Domain 2 (Dermatologic System) represents 4% of the PANCE examination, which translates to approximately 12 questions out of the total 300 multiple-choice questions. These questions are distributed across the five 60-question blocks of the exam.

Do PANCE dermatology questions include images?

While the PANCE may include some questions with images, many dermatology questions rely on detailed clinical descriptions of skin lesions and their characteristics. It's important to develop strong skills in translating written descriptions into visual recognition patterns.

What are the most high-yield dermatology topics for the PANCE?

Focus on melanoma recognition (ABCDE criteria), common skin cancers, infectious conditions like impetigo and cellulitis, inflammatory conditions such as atopic dermatitis and psoriasis, and pediatric conditions including diaper dermatitis and molluscum contagiosum. These represent the most frequently tested topics.

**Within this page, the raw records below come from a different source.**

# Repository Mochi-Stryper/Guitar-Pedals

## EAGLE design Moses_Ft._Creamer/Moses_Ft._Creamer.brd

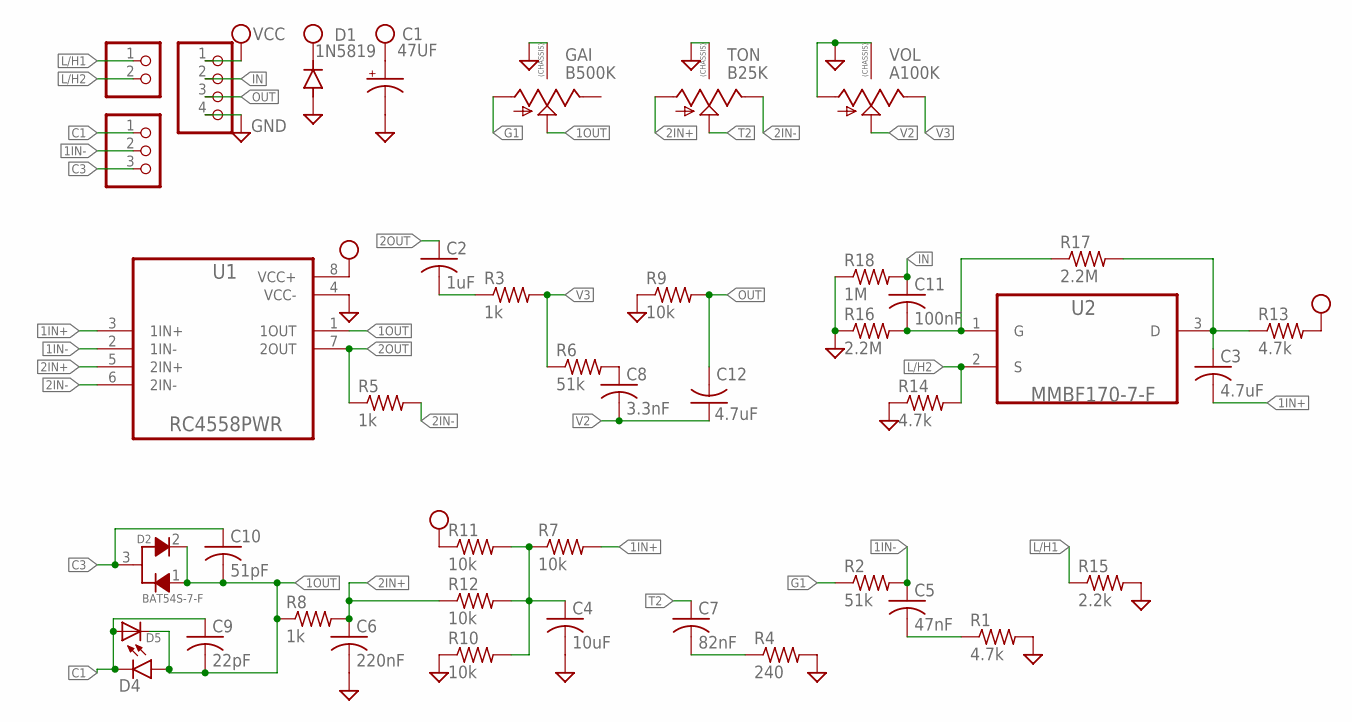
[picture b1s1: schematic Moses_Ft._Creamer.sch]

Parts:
C1: 47UF; PAN_B_SMD+THRU
C2: 1uF; C0805
C3, C12: 4.7uF; C1206
C4: 10uF; C1206
C5: 47nF; C0603
C6: 220nF; C0603
C7: 82nF; C0603
C8: 3.3nF; C0603
C9: 22pF; C0603
C10: 51pF; C0603
C11: 100nF; C0603
D1: 1N5819; SOD123
D2: BAT54S-7-F; SOT23-3
D4: LED0603; LED-0603
D5: DIODESOD-123; SOD-123
GAI: B500K; 9MM_SNAP-IN_POT
JP1: PINHD-1X4; 1X04
JP2: PINHD-1X2; 1X02
JP3: PINHD-1X3; 1X03
R1, R13, R14: 4.7k; R0603
R2, R6: 51k; R0603
R3, R5, R8: 1k; R0603
R4: 240; R0603
R7, R9, R10, R11, R12: 10k; R0603
R15: 2.2k; R0603
R16, R17: 2.2M; R0603
R18: 1M; R0603
TON: B25K; 9MM_SNAP-IN_POT
U1: RC4558PWR; SOP65P640X120-8N
U2: MMBF170-7-F; SOT103P240X110-3N
VOL: A100K; 9MM_SNAP-IN_POT

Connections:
1IN+: C3.2, R7.2, U1.3 (1IN+)
1IN-: C5.1, JP3.2, R2.2, U1.2 (1IN-)
1OUT: C9.2, C10.2, D2.1, D2.2, D4.A, D5.C, GAI.2 (S), R8.1, U1.1 (1OUT)
2IN+: C6.1, R8.2, R12.1, TON.1 (A), U1.5 (2IN+)
2IN-: R5.2, TON.3 (E), U1.6 (2IN-)
2OUT: C2.1, R5.1, U1.7 (2OUT)
C1: C9.1, D4.C, D5.A, JP3.1
C3: C10.1, D2.3, JP3.3
G1: GAI.1 (A), R2.1
GND: C1.-, C1.-- (-), C4.2, C6.2, D1.A, GAI.CHASSIS1, GAI.CHASSIS2, JP1.4, R1.2, R4.2, R9.1, R10.1, R14.1, R15.2, R16.1, R18.1, TON.CHASSIS1, TON.CHASSIS2, U1.4 (VCC-), VOL.1 (A), VOL.CHASSIS1, VOL.CHASSIS2
IN: C11.1, JP1.2, R18.2
L/H1: JP2.1, R15.1
L/H2: JP2.2, R14.2, U2.2 (S)
unnamed: C11.2, R16.2, R17.1, U2.1 (G)
unnamed: C3.1, R13.1, R17.2, U2.3 (D)
unnamed: C5.2, R1.1
unnamed: C4.1, R7.1, R10.2, R11.2, R12.2
unnamed: C2.2, R3.1
unnamed: C7.2, R4.1
unnamed: C8.1, R6.2
OUT: C12.2, JP1.3, R9.2
T2: C7.1, TON.2 (S)
V2: C8.2, C12.1, VOL.2 (S)
V3: R3.2, R6.1, VOL.3 (E)
VCC: C1.+, C1.++ (+), D1.C, JP1.1, R11.1, R13.2, U1.8 (VCC+)

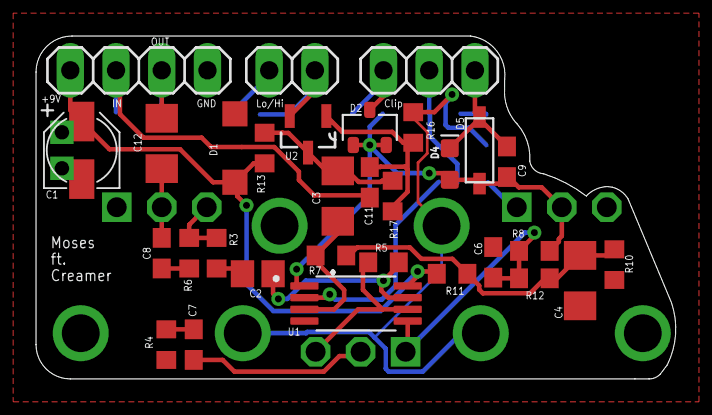
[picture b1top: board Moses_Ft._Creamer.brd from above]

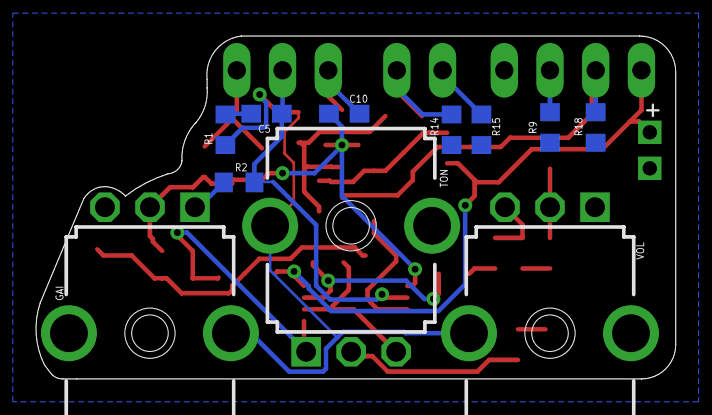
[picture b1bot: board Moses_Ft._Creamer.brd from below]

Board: 2 copper layers, 35.5 x 19.1 mm, 42 parts (11 on the bottom side), 25 nets.

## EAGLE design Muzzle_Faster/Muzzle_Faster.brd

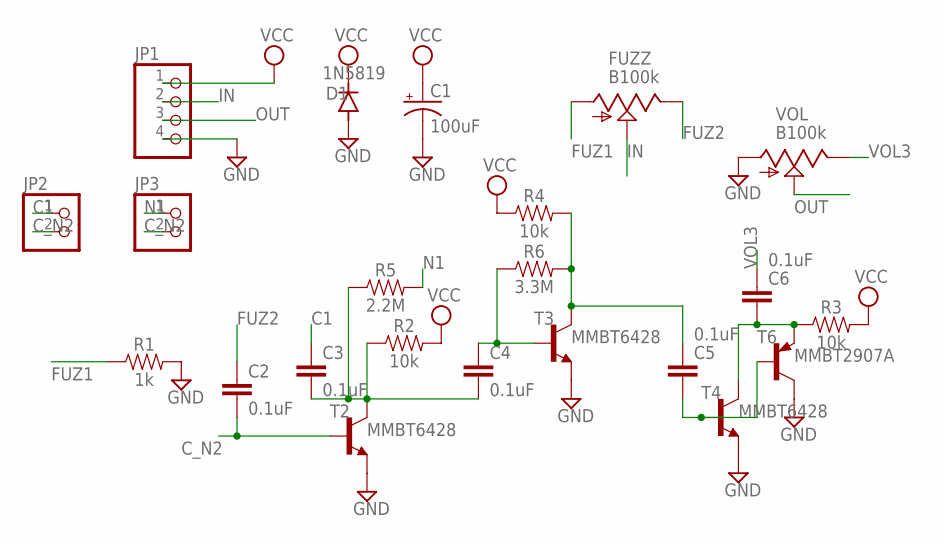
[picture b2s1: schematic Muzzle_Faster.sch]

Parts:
C1: 100uF; PAN_B_SMD+THRU
C2, C3, C4, C5, C6: 0.1uF; 0603
D1: 1N5819; SOD123
FUZZ: B100k; 9MM_SNAP-IN_POT
JP1: PINHD-1X4; 1X04
JP2, JP3: PINHD-1X2; 1X02
R1: 1k; 0603
R2, R3, R4: 10k; 0603
R5: 2.2M; 0603
R6: 3.3M; 0603
T2, T3, T4: MMBT6428; SOT23-BEC
T6: MMBT2907A; SOT23-BEC
VOL: B100k; 9MM_SNAP-IN_POT

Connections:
C1: C3.1, JP2.1
C_N2: C2.2, JP2.2, JP3.2, T2.B
FUZ1: FUZZ.1 (A), R1.1
FUZ2: C2.1, FUZZ.3 (E)
GND: C1.-, C1.-- (-), D1.A, JP1.4, R1.2, T2.E, T3.E, T4.E, T6.C, VOL.1 (A)
IN: FUZZ.2 (S), JP1.2
N1: JP3.1, R5.2
unnamed: C3.2, C4.2, R2.1, R5.1, T2.C
unnamed: C4.1, R6.1, T3.B
unnamed: C5.1, R4.2, R6.2, T3.C
unnamed: C5.2, T4.B, T6.B
unnamed: C6.2, R3.1, T4.C, T6.E
OUT: JP1.3, VOL.2 (S)
VCC: C1.+, C1.++ (+), D1.C, JP1.1, R2.2, R3.2, R4.1
VOL3: C6.1, VOL.3 (E)

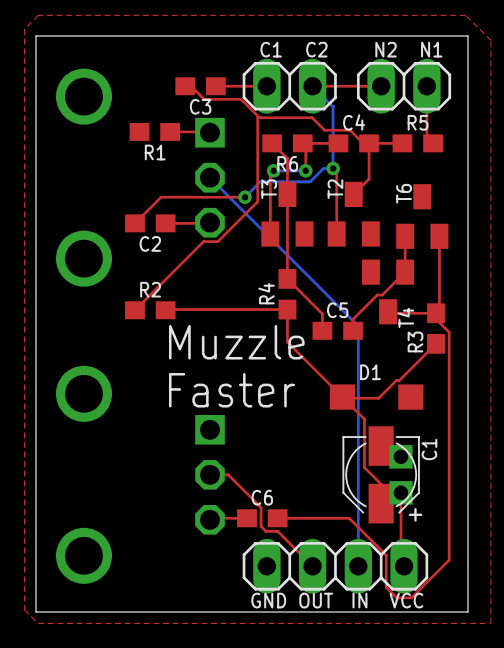
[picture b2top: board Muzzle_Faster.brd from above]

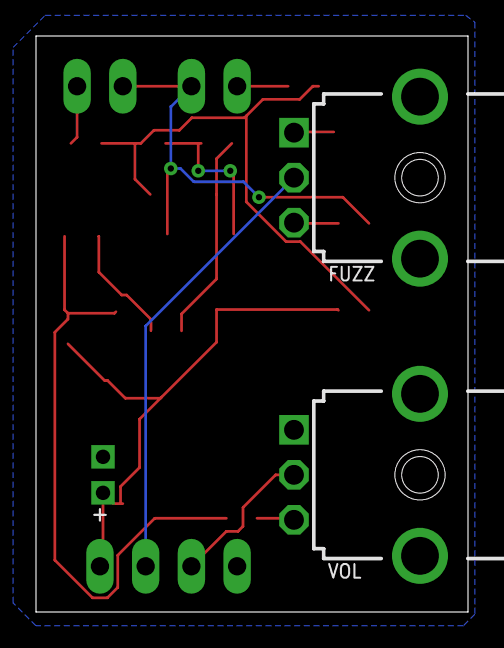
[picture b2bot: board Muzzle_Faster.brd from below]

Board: 2 copper layers, 24.0 x 32.0 mm, 22 parts (2 on the bottom side), 15 nets.

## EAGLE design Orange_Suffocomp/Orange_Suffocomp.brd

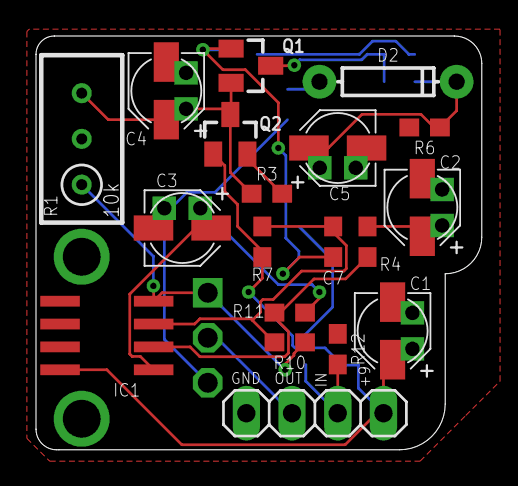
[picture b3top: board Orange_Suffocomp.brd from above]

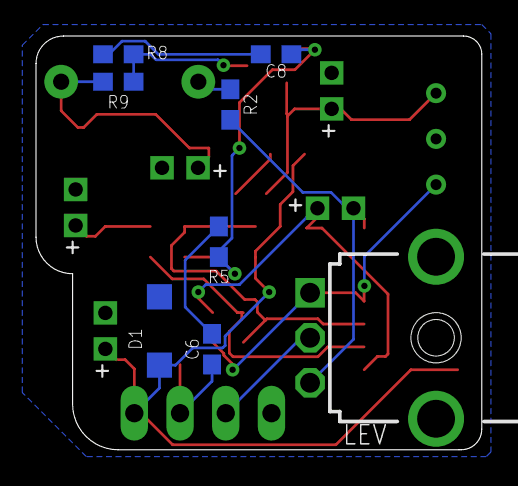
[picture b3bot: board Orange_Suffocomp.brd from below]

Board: 2 copper layers, 24.8 x 23.0 mm, 27 parts (8 on the bottom side), 17 nets.

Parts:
C1: 100uF; PAN_B_SMD+THRU
C2, C3, C4, C5: 4.7uF; PAN_B_SMD+THRU
C6, C7: 47nF; 0603
C8: 2.2nF; 0603
D1: 1N5819; SOD123
D2: 1n34a; DIODE-1N4148
IC1: LM4558D; SO08
JP1: 1X04
LEV: A10k; 9MM_SNAP-IN_POT
Q1, Q2: MMBF5457; SOT23
R1: 10k; RTRIM3296W
R2: 1.5k; 0603
R3: 2.4k; 0603
R4: 10k; 0603
R5: 82k; 0603
R6: 100k; 0603
R7: 390k; 0603
R8, R9, R10: 470k; 0603
R11: 220k; 0603
R12: 4.7M; 0603

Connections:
GND: C1.-, C1.--, C2.-, C2.--, C4.-, C4.--, C5.-, C5.--, D1.A, IC1.4, JP1.4, LEV.1, R1.1, R1.2, R6.2, R10.1, R12.1
IN: C6.1, JP1.2, R12.2
LEV3: C3.-, C3.--, LEV.3, R2.2
unnamed: C6.2, R5.1
unnamed: C7.1, C8.2, Q1.1, R5.2
unnamed: C7.2, IC1.3, R7.1, R10.2
unnamed: C8.1, R8.1
unnamed: C2.+, C2.++, R4.2
unnamed: IC1.2, R4.1, R11.1
unnamed: C3.+, C3.++, IC1.1, R11.2
unnamed: Q1.3, R8.2, R9.1
unnamed: C4.+, C4.++, Q1.2, Q2.3, R1.3, R3.1
unnamed: Q2.2, R3.2
unnamed: C5.+, C5.++, D2.C, R6.1, R9.2
unnamed: D2.A, R2.1
OUT: JP1.3, LEV.2
VCC: C1.+, C1.++, D1.C, IC1.8, JP1.1, Q2.1, R7.2

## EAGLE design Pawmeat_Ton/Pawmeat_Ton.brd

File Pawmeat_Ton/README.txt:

~Incomplete~
~Halted due to concerns over breaching components' current rating~
Electrosmash 1Wamp Clone
R-C & C-R filter values altered

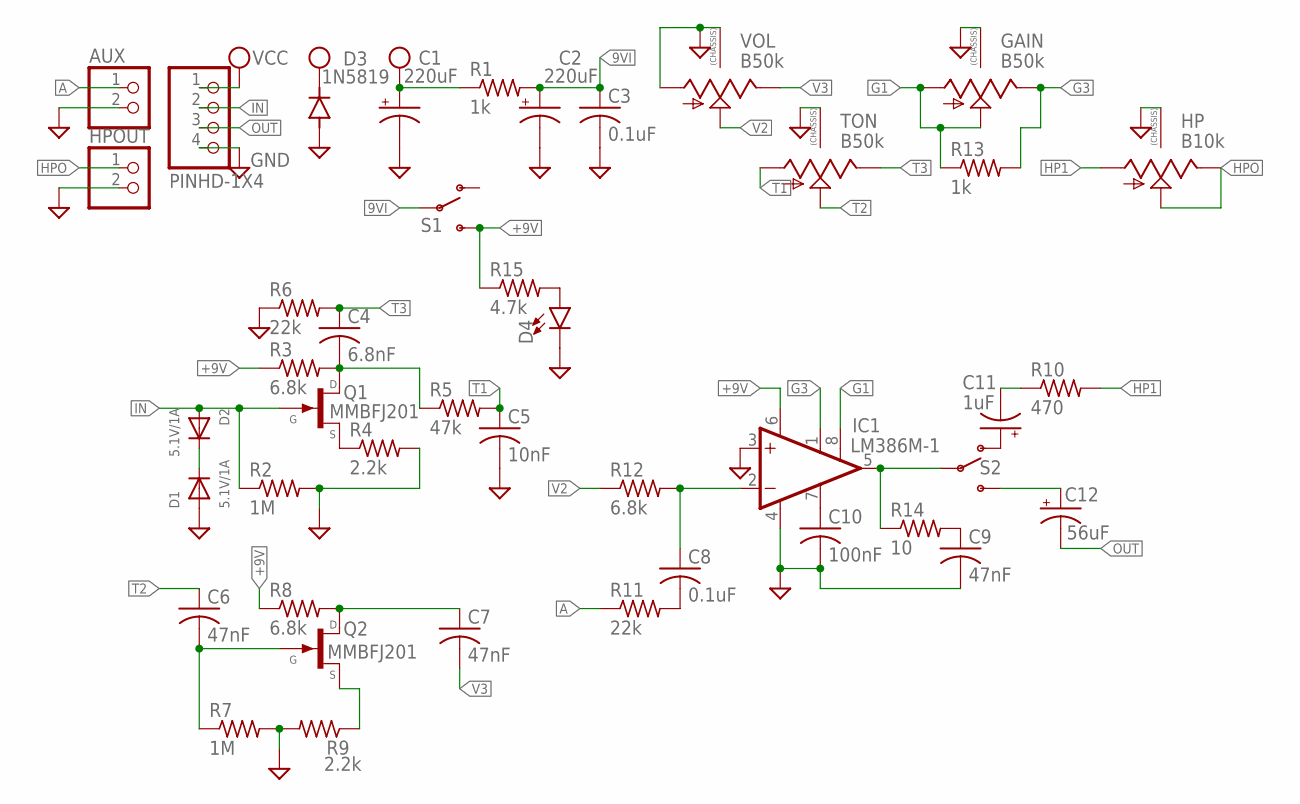
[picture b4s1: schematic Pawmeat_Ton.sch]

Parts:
AUX: PINHD-1X2; 1X02
C1, C2: 220uF; PAN_B_SMD+THRU
C3, C8: 0.1uF; C0402
C4: 6.8nF; C0402
C5: 10nF; C0402
C6, C7, C9: 47nF; C0402
C10: 100nF; C0402
C11: 1uF; PAN_B_SMD+THRU
C12: 56uF; PAN_B_SMD+THRU
D1, D2: 5.1V/1A; SMADIODE
D3: 1N5819; SOD123
D4: LED0603; LED-0603
GAIN: B50k; 9MM_SNAP-IN_POT
HP: B10k; 9MM_SNAP-IN_POT
HPOUT: PINHD-1X2; 1X02
IC1: LM386M-1; SO08
JP1: PINHD-1X4; 1X04
Q1, Q2: MMBFJ201; SOT23
R1, R13: 1k; R0402
R2, R7: 1M; R0402
R3, R8, R12: 6.8k; R0402
R4, R9: 2.2k; R0402
R5: 47k; R0402
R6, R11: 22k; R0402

How should I approach studying dermatology for the PANCE?

Use visual learning techniques with dermatology atlases and image databases, develop systematic approaches to lesion evaluation, focus on pattern recognition skills, and practice with high-quality question banks. Create mental frameworks for distinguishing similar conditions based on key clinical features.

When should I refer dermatologic conditions to specialists?

Refer immediately for any lesion meeting ABCDE criteria for melanoma, rapidly growing or changing lesions, persistent ulcers that don't heal, any concerning pigmented lesion, or conditions requiring specialized procedures like complex biopsies or advanced treatments. When in doubt, refer for expert evaluation.